> [Exercise requirements]: In the copy, include every entry exactly but none of the images.

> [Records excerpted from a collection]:
* * *

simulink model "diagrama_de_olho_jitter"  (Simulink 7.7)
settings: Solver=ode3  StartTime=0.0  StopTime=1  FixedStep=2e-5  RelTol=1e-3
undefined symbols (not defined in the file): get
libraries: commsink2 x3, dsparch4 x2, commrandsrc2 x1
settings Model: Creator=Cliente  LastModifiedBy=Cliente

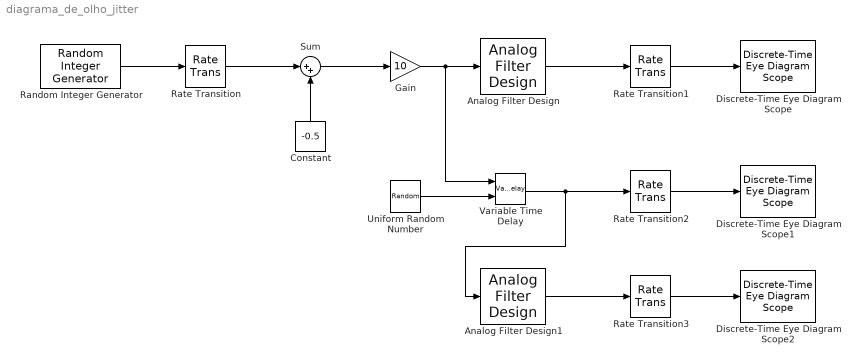
== system diagrama_de_olho_jitter ==
  Analog Filter Design : dsparch4/Analog Filter Design  method=Chebyshev I  filttype=Lowpass  N=9  Wlo=2*pi*1200  Whi=80  Rp=0.1  Rs=40
  Analog Filter Design1 : dsparch4/Analog Filter Design  method=Chebyshev I  filttype=Lowpass  N=9  Wlo=2*pi*1200  Whi=80  Rp=0.1  Rs=40
  Constant : Constant  Value=-0.5
  Discrete-Time Eye Diagram Scope : commsink2/Discrete-Time Eye Diagram Scope  Tag=EyeDiagram  SystemSampleTime=-1  sampPerSymb=50  offsetEye=0  symbPerTrace=2  numTraces=50  numNewFrames=50  LineMarkers=None  LineStyles=-  LineColors=b  dupPoints=on  fading=on  render=on  AxisGrid=on  yMin=-8  yMax=7  inphaseLabel=In-phase Amplitude  quadratureLabel=Quadrature Amplitude  openScopeAtSimStart=on  dispDiagram=In-phase and Quadrature  FrameNumber=off  FigPos=get(0,'defaultfigureposition');  figTitle=Eye Diagram  block_type_=eye  numLinesMax=8
  Discrete-Time Eye Diagram Scope1 : commsink2/Discrete-Time Eye Diagram Scope  Tag=EyeDiagram  SystemSampleTime=-1  sampPerSymb=50  offsetEye=0  symbPerTrace=2  numTraces=50  numNewFrames=50  LineMarkers=None  LineStyles=-  LineColors=b  dupPoints=on  fading=on  render=on  AxisGrid=on  yMin=-8  yMax=7  inphaseLabel=In-phase Amplitude  quadratureLabel=Quadrature Amplitude  openScopeAtSimStart=on  dispDiagram=In-phase and Quadrature  FrameNumber=off  FigPos=get(0,'defaultfigureposition');  figTitle=Eye Diagram  block_type_=eye  numLinesMax=8
  Discrete-Time Eye Diagram Scope2 : commsink2/Discrete-Time Eye Diagram Scope  Tag=EyeDiagram  SystemSampleTime=-1  sampPerSymb=50  offsetEye=0  symbPerTrace=2  numTraces=50  numNewFrames=50  LineMarkers=None  LineStyles=-  LineColors=b  dupPoints=on  fading=on  render=on  AxisGrid=on  yMin=-8  yMax=7  inphaseLabel=In-phase Amplitude  quadratureLabel=Quadrature Amplitude  openScopeAtSimStart=on  dispDiagram=In-phase and Quadrature  FrameNumber=off  FigPos=get(0,'defaultfigureposition');  figTitle=Eye Diagram  block_type_=eye  numLinesMax=8
  Gain : Gain  Gain=10
  Random Integer Generator : commrandsrc2/Random Integer Generator  SystemSampleTime=-1  mul=2  seed=randseed  Ts=1e-3  frameBased=off  sampPerFrame=1  orient=off  outDataType=double
  Rate Transition{,1..3} (4 alike) : RateTransition  OutPortSampleTime=2e-5
  Sum : Sum  Inputs=|++
  Uniform Random Number : UniformRandomNumber  Minimum=0.00002  Maximum=0.0005  SampleTime=0
  Variable Time Delay : VariableTransportDelay  MaximumDelay=0.0025  ZeroDelay=on  TransDelayFeedthrough=on
  wires:
  Random Integer Generator/1 -> Rate Transition/1
  Rate Transition/1 -> Sum/1
  Constant/1 -> Sum/2
  Sum/1 -> Gain/1
  Gain/1 -> Analog Filter Design/1, Variable Time Delay/1
  Analog Filter Design/1 -> Rate Transition1/1
  Rate Transition1/1 -> Discrete-Time Eye Diagram Scope/1
  Uniform Random Number/1 -> Variable Time Delay/2
  Variable Time Delay/1 -> Rate Transition2/1, Analog Filter Design1/1
  Analog Filter Design1/1 -> Rate Transition3/1
  Rate Transition2/1 -> Discrete-Time Eye Diagram Scope1/1
  Rate Transition3/1 -> Discrete-Time Eye Diagram Scope2/1

* * *

> [Solution to the exercise]:
simulink model "diagrama_de_olho_jitter"  (Simulink 7.7)
settings: Solver=ode3  StartTime=0.0  StopTime=1  FixedStep=2e-5  RelTol=1e-3
undefined symbols (not defined in the file): get
libraries: commsink2 x3, dsparch4 x2, commrandsrc2 x1
settings Model: Creator=Cliente  LastModifiedBy=Cliente

== system diagrama_de_olho_jitter ==
  Analog Filter Design : dsparch4/Analog Filter Design  method=Chebyshev I  filttype=Lowpass  N=9  Wlo=2*pi*1200  Whi=80  Rp=0.1  Rs=40
  Analog Filter Design1 : dsparch4/Analog Filter Design  method=Chebyshev I  filttype=Lowpass  N=9  Wlo=2*pi*1200  Whi=80  Rp=0.1  Rs=40
  Constant : Constant  Value=-0.5
  Discrete-Time Eye Diagram Scope : commsink2/Discrete-Time Eye Diagram Scope  Tag=EyeDiagram  SystemSampleTime=-1  sampPerSymb=50  offsetEye=0  symbPerTrace=2  numTraces=50  numNewFrames=50  LineMarkers=None  LineStyles=-  LineColors=b  dupPoints=on  fading=on  render=on  AxisGrid=on  yMin=-8  yMax=7  inphaseLabel=In-phase Amplitude  quadratureLabel=Quadrature Amplitude  openScopeAtSimStart=on  dispDiagram=In-phase and Quadrature  FrameNumber=off  FigPos=get(0,'defaultfigureposition');  figTitle=Eye Diagram  block_type_=eye  numLinesMax=8
  Discrete-Time Eye Diagram Scope1 : commsink2/Discrete-Time Eye Diagram Scope  Tag=EyeDiagram  SystemSampleTime=-1  sampPerSymb=50  offsetEye=0  symbPerTrace=2  numTraces=50  numNewFrames=50  LineMarkers=None  LineStyles=-  LineColors=b  dupPoints=on  fading=on  render=on  AxisGrid=on  yMin=-8  yMax=7  inphaseLabel=In-phase Amplitude  quadratureLabel=Quadrature Amplitude  openScopeAtSimStart=on  dispDiagram=In-phase and Quadrature  FrameNumber=off  FigPos=get(0,'defaultfigureposition');  figTitle=Eye Diagram  block_type_=eye  numLinesMax=8
  Discrete-Time Eye Diagram Scope2 : commsink2/Discrete-Time Eye Diagram Scope  Tag=EyeDiagram  SystemSampleTime=-1  sampPerSymb=50  offsetEye=0  symbPerTrace=2  numTraces=50  numNewFrames=50  LineMarkers=None  LineStyles=-  LineColors=b  dupPoints=on  fading=on  render=on  AxisGrid=on  yMin=-8  yMax=7  inphaseLabel=In-phase Amplitude  quadratureLabel=Quadrature Amplitude  openScopeAtSimStart=on  dispDiagram=In-phase and Quadrature  FrameNumber=off  FigPos=get(0,'defaultfigureposition');  figTitle=Eye Diagram  block_type_=eye  numLinesMax=8
  Gain : Gain  Gain=10
  Random Integer Generator : commrandsrc2/Random Integer Generator  SystemSampleTime=-1  mul=2  seed=randseed  Ts=1e-3  frameBased=off  sampPerFrame=1  orient=off  outDataType=double
  Rate Transition{,1..3} (4 alike) : RateTransition  OutPortSampleTime=2e-5
  Sum : Sum  Inputs=|++
  Uniform Random Number : UniformRandomNumber  Minimum=0.00002  Maximum=0.0005  SampleTime=0
  Variable Time Delay : VariableTransportDelay  MaximumDelay=0.0025  ZeroDelay=on  TransDelayFeedthrough=on
  wires:
  Random Integer Generator/1 -> Rate Transition/1
  Rate Transition/1 -> Sum/1
  Constant/1 -> Sum/2
  Sum/1 -> Gain/1
  Gain/1 -> Analog Filter Design/1, Variable Time Delay/1
  Analog Filter Design/1 -> Rate Transition1/1
  Rate Transition1/1 -> Discrete-Time Eye Diagram Scope/1
  Uniform Random Number/1 -> Variable Time Delay/2
  Variable Time Delay/1 -> Rate Transition2/1, Analog Filter Design1/1
  Analog Filter Design1/1 -> Rate Transition3/1
  Rate Transition2/1 -> Discrete-Time Eye Diagram Scope1/1
  Rate Transition3/1 -> Discrete-Time Eye Diagram Scope2/1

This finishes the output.